Natasha looked at Fury hesitantly. 

"I'm going to Brno. I can't explain why," he said. 

"Bodyguard, sir?"

"No. I need you to look after Goose." 

Natasha blinked.

"The...the cat, sir?" she asked. 

"Yes. Coulson can give you Goose's brief."

"Your cat has a brief," she said slowly. 

"My cat has a higher security clearance than you do, Agent, you'd better believe she has a brief," he said, and held out his hand, making a tch-tch-tch noise. Goose got up, stretched lazily, and jumped straight from the shelf to the desk, rubbing her cheek against his fingers. "Wet food in the morning, refill the dry food whenever it gets low. Change the water at least once a day. The litterbox scoops itself, you don't need to worry about that. Fifteen minutes of structured play, morning and evening. The brief will tell you where I hide the laser pointer."

"You have to hide the laser pointer?" Natasha asked, morbid fascination overtaking confusion and a faint sense she should be insulted. 

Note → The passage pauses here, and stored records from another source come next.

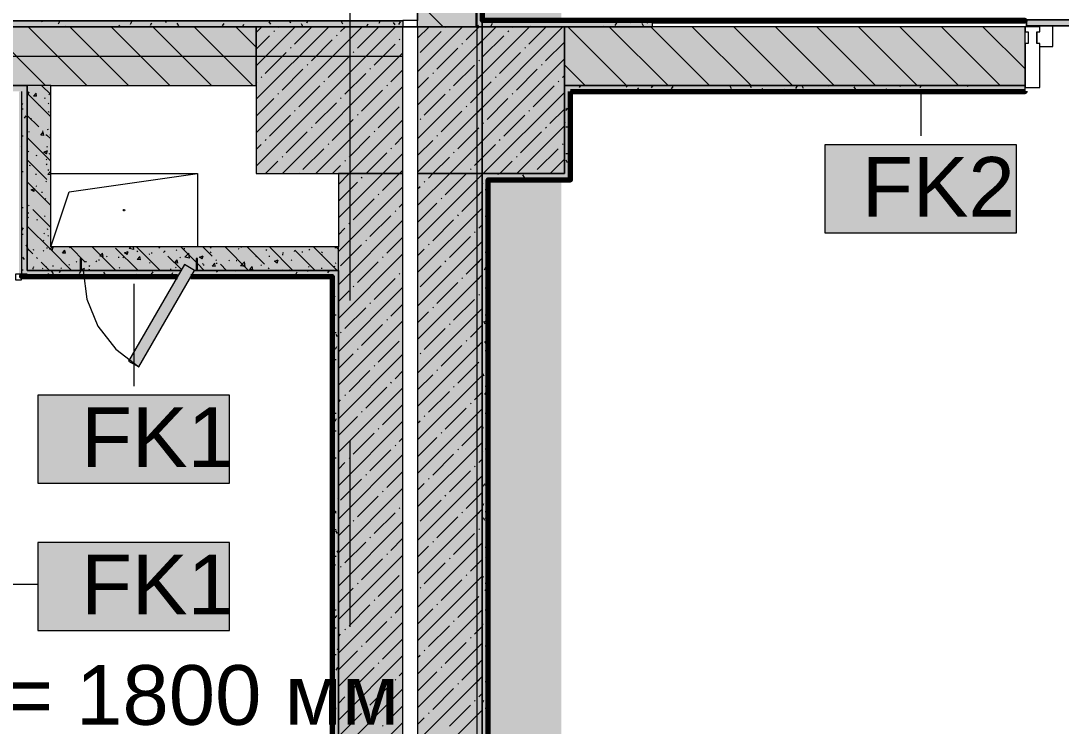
# Model space of a CAD drawing. Header units: millimetres. Extents: x -3817 to 677485, y -22715 to 103890.
# Drawn here: x 37431 to 40976, y 7428 to 9832 of the extents above; entities that cross this region are included whole.
import ezdxf

# ---------------------------------------------------------------- set-up
doc = ezdxf.new("R2010")
doc.units = ezdxf.units.MM
doc.layers.add('PDF _Геометрия', color=7, linetype='Continuous', true_color=0x1d1d1d)
doc.layers.add('PDF _Сплошная заливка', color=7, linetype='Continuous', true_color=0xffffff)
doc.layers.add('PDF _Текст', color=7, linetype='Continuous')
doc.styles.add('PDF GOST-Common', font='arial.ttf')

msp = doc.modelspace()

# ---------------------------------------------------------------- hatches: boundary and pattern name
at = {"layer": 'PDF _Сплошная заливка', "transparency": 33554559}
h = msp.add_hatch(color=256, dxfattribs=at)
h.paths.add_polyline_path([(39003.3, 1631.4), (39273.4, 1631.4), (39273.4, 13806.3), (38703.3, 13521.2), (39003.3, 13371.2), (39003.3, 1653.4)], flags=0)
h.paths.add_polyline_path([(39273.4, 13836.1), (39273.4, 25711.1), (39003.3, 25711.1), (39003.3, 13971.2), (39024.3, 13960.7)], flags=0)
h = msp.add_hatch(color=256, dxfattribs=at)
h.paths.add_polyline_path([(38783.3, 9811.3), (38983.3, 9811.3), (38983.3, 9901.3), (38783.3, 9901.3), (38783.3, 9832.4)], flags=0)
h.paths.add_polyline_path([(38783.3, 12031.3), (38983.3, 12031.3), (38983.3, 12141.3), (38783.3, 12141.3)], flags=0)
h = msp.add_hatch(color=256, dxfattribs=at)
h.paths.add_polyline_path([(38983.3, 9811.3), (39003.3, 9811.3), (39003.3, 9951.4), (38983.3, 9951.4), (38983.3, 9853.7)], flags=0)
h.paths.add_polyline_path([(38983.3, 11981.3), (39003.3, 11981.3), (39003.3, 12141.3), (38983.3, 12141.3), (38983.3, 12031.3)], flags=0)
h = msp.add_hatch(color=256, dxfattribs=at)
h.paths.add_polyline_path([(38985.9, 9811.3), (39003.3, 9811.3), (39003.3, 9951.4), (38985.9, 9951.4), (38985.9, 9814)], flags=0)
h.paths.add_polyline_path([(38985.9, 11981.3), (39003.3, 11981.3), (39003.3, 12141.3), (38985.9, 12141.3), (38985.9, 11988)], flags=0)
h = msp.add_hatch(color=256, dxfattribs=at)
h.paths.add_polyline_path([(28953.3, 9811.3), (30803.3, 9811.3), (30803.3, 9831.4), (27971, 9831.4), (27959.5, 9811.3), (28404, 9811.3)], flags=0)
h.paths.add_polyline_path([(27913.3, 9811.3), (27924.8, 9831.4), (25401, 9831.4), (25389.5, 9811.3), (27908.3, 9811.3)], flags=0)
h.paths.add_polyline_path([(32453.3, 9831.4), (32453.3, 9831.4), (33232.3, 9820.2)], flags=0)
h.paths.add_polyline_path([(38594.1, 9811.3), (38733.2, 9811.3), (38733.2, 9831.4), (32453.3, 9831.4), (32453.3, 9811.3), (38233.3, 9811.3)], flags=0)
h.paths.add_polyline_path([(25343.3, 9811.3), (25354.8, 9831.4), (24398, 9831.4), (24398, 9811.3), (25338.3, 9811.3)], flags=0)
h.paths.add_polyline_path([(22153.3, 9811.3), (22753, 9811.3), (22753, 9831.4), (20509.1, 9831.4), (20509.1, 9821.4), (20453.3, 9821.4), (20453.3, 9811.3), (21610.5, 9811.3)], flags=0)
h = msp.add_hatch(color=256, dxfattribs=at)
h.paths.add_polyline_path([(42971.5, 9811.3), (43013.3, 9811.3), (43013.3, 9831.4), (42498.3, 9831.4), (42498.3, 9811.3)], flags=0)
h.paths.add_polyline_path([(39583.3, 9811.3), (39583.3, 9831.4), (39003.3, 9831.4), (39003.3, 9811.3), (39283.3, 9811.3)], flags=0)
at = {"layer": 'PDF _Сплошная заливка', "true_color": 0x494949, "transparency": 33554559}
msp.add_hatch(color=251, dxfattribs=at).paths.add_polyline_path([(42498.3, 9814.4), (42498.3, 9834.4), (40858.3, 9834.4), (40858.3, 9814.4), (41487.1, 9814.4)])
at = {"layer": 'PDF _Сплошная заливка', "transparency": 33554559}
for points in [[(33853.3, 9611.4), (38233.3, 9611.4), (38233.3, 9811.3), (36253.3, 9811.3), (36253.3, 9741.4), (35053.3, 9741.4), (35053.3, 9811.3), (33853.3, 9811.3), (33853.3, 9611.5)], [(38233.3, 9311.3), (38733.3, 9311.3), (38733.2, 9811.3), (38233.3, 9811.3), (38233.3, 9323.7)], [(38783.3, 9311.3), (39003.3, 9311.3), (39003.3, 9811.3), (38783.3, 9811.3), (38783.3, 9323.7)], [(38985.9, 9311.3), (39283.3, 9311.3), (39283.3, 9811.3), (38985.9, 9811.3), (38985.9, 9493.9)], [(37425.3, 9591.3), (37453.3, 9591.3), (37453.3, 9611.4), (33873.3, 9611.4), (33875.3, 9591.3), (37375.3, 9591.3)], [(37433.3, 8961.4), (37453.3, 8961.4), (37453.3, 9591.3), (37433.3, 9591.3), (37433.3, 8981.4)], [(38594.1, 2311.3), (38733.3, 2311.3), (38733.3, 9311.3), (38513.3, 9311.3), (38513.3, 2311.3)], [(39003.3, 2311.3), (39003.3, 9311.3), (38783.3, 9311.3), (38783.3, 2311.3), (38980.5, 2311.3)], [(39283.3, 9291.4), (39303.3, 9291.4), (39303.3, 9311.3), (39023.3, 9311.3), (39023.3, 9291.4), (39260.6, 9291.4)], [(37533.3, 8981.4), (37633.3, 8981.4), (37633.3, 9021.4), (37638.3, 9021.4), (37638.3, 8981.4), (37977.1, 8981.4), (37988.6, 9001.4), (38023.3, 8981.4), (38028.3, 8981.4), (38028.3, 9021.4), (38033.3, 9021.4), (38033.3, 8981.4), (38513.3, 8981.4), (38513.3, 9061.3), (37533.3, 9061.3)]]:
    msp.add_hatch(color=256, dxfattribs=at).paths.add_polyline_path(points)
h = msp.add_hatch(color=256, dxfattribs=at)
h.paths.add_polyline_path([(43013.3, 9611.4), (43033.3, 9611.4), (43033.3, 9811.3), (42498.3, 9811.3), (42498.3, 9611.4), (42971.5, 9611.4)], flags=0)
h.paths.add_polyline_path([(40853.3, 9611.4), (40853.3, 9811.3), (39283.3, 9811.3), (39283.3, 9611.4), (40002.8, 9611.4)], flags=0)
h = msp.add_hatch(color=256, dxfattribs=at)
h.paths.add_polyline_path([(42971.5, 9591.3), (43013.3, 9591.3), (43013.3, 9611.4), (42498.3, 9611.4), (42498.3, 9591.3)], flags=0)
h.paths.add_polyline_path([(39316.3, 9591.3), (40853.3, 9591.3), (40853.3, 9611.4), (39303.3, 9611.4), (39303.3, 9591.3)], flags=0)
h = msp.add_hatch(color=256, dxfattribs=at)
h.paths.add_polyline_path([(38492.3, 8961.4), (38513.3, 8961.4), (38513.3, 8981.4), (38023.3, 8981.4), (38011.7, 8961.4), (38023.3, 8961.4)], flags=0)
h.paths.add_polyline_path([(37533.3, 8961.4), (37965.5, 8961.4), (37977.1, 8981.4), (37453.3, 8981.4), (37453.3, 8961.4)], flags=0)

# ---------------------------------------------------------------- linework, layer by layer
at = {"layer": 'PDF _Геометрия', "color": 7, "lineweight": 9}
for points in [[(38985.9, 1631.4), (38985.9, 13371.2), (38685.9, 13521.2), (39285.9, 13821.2), (38985.9, 13971.2), (38985.9, 25711.1)], [(39273.4, 13806.3), (38703.3, 13521.2), (39003.3, 13371.2), (39003.3, 1631.4)], [(38733.2, 9831.4), (32453.3, 9831.4)], [(39583.3, 9831.4), (39004.3, 9831.4)], [(40858.3, 9814.4), (40858.3, 9834.4), (40858.3, 9814.4)], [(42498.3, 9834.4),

"She keeps trying to eat it." 

"My first mission is to catsit your cat?" Natasha managed. 

"I want you to think carefully about why I would ask you this," Fury said, watching her. Natasha, against a rising tide of rebellious annoyance, realized this was definitely some kind of test, and wanted to pass it. She liked her new life, and the Director himself, too much to let her ego make her fail.

"You're the head of SHIELD," she said slowly. "You're paid well enough you could hire someone to do this. Or you could order any agent or even an intern to feed your cat."

"So why you?" Fury prompted. 

"The cat comes to work with you every morning. She's important to you. It's important to know she's safe and cared for when you're away. Cats like routine, they like continuity," Natasha said, working her way through it. "Attention to detail is important."

She looked him straight in the eye. "You're testing to see if I am capable of real compassion. And if I can pay attention to even the small things, things that seem unimportant to me."

Fury was silent a long time.

"I was just gonna say it's because I'm giving you a key to my house," Fury said, holding up a ring of keys. "But now you said the rest of it I'm going to hold you to it. Don't eat the steaks in the freezer." 

"Yes, sir," she said, feeling like she'd just gotten away with something. "I'll pick up the brief from Coulson." 

Goose, who had been sitting on the desk, tail wrapped around her front paws, reached out to bat at the keys as they were passed over, then butted her head against Natasha's knuckles.

"She likes you," Fury said approvingly.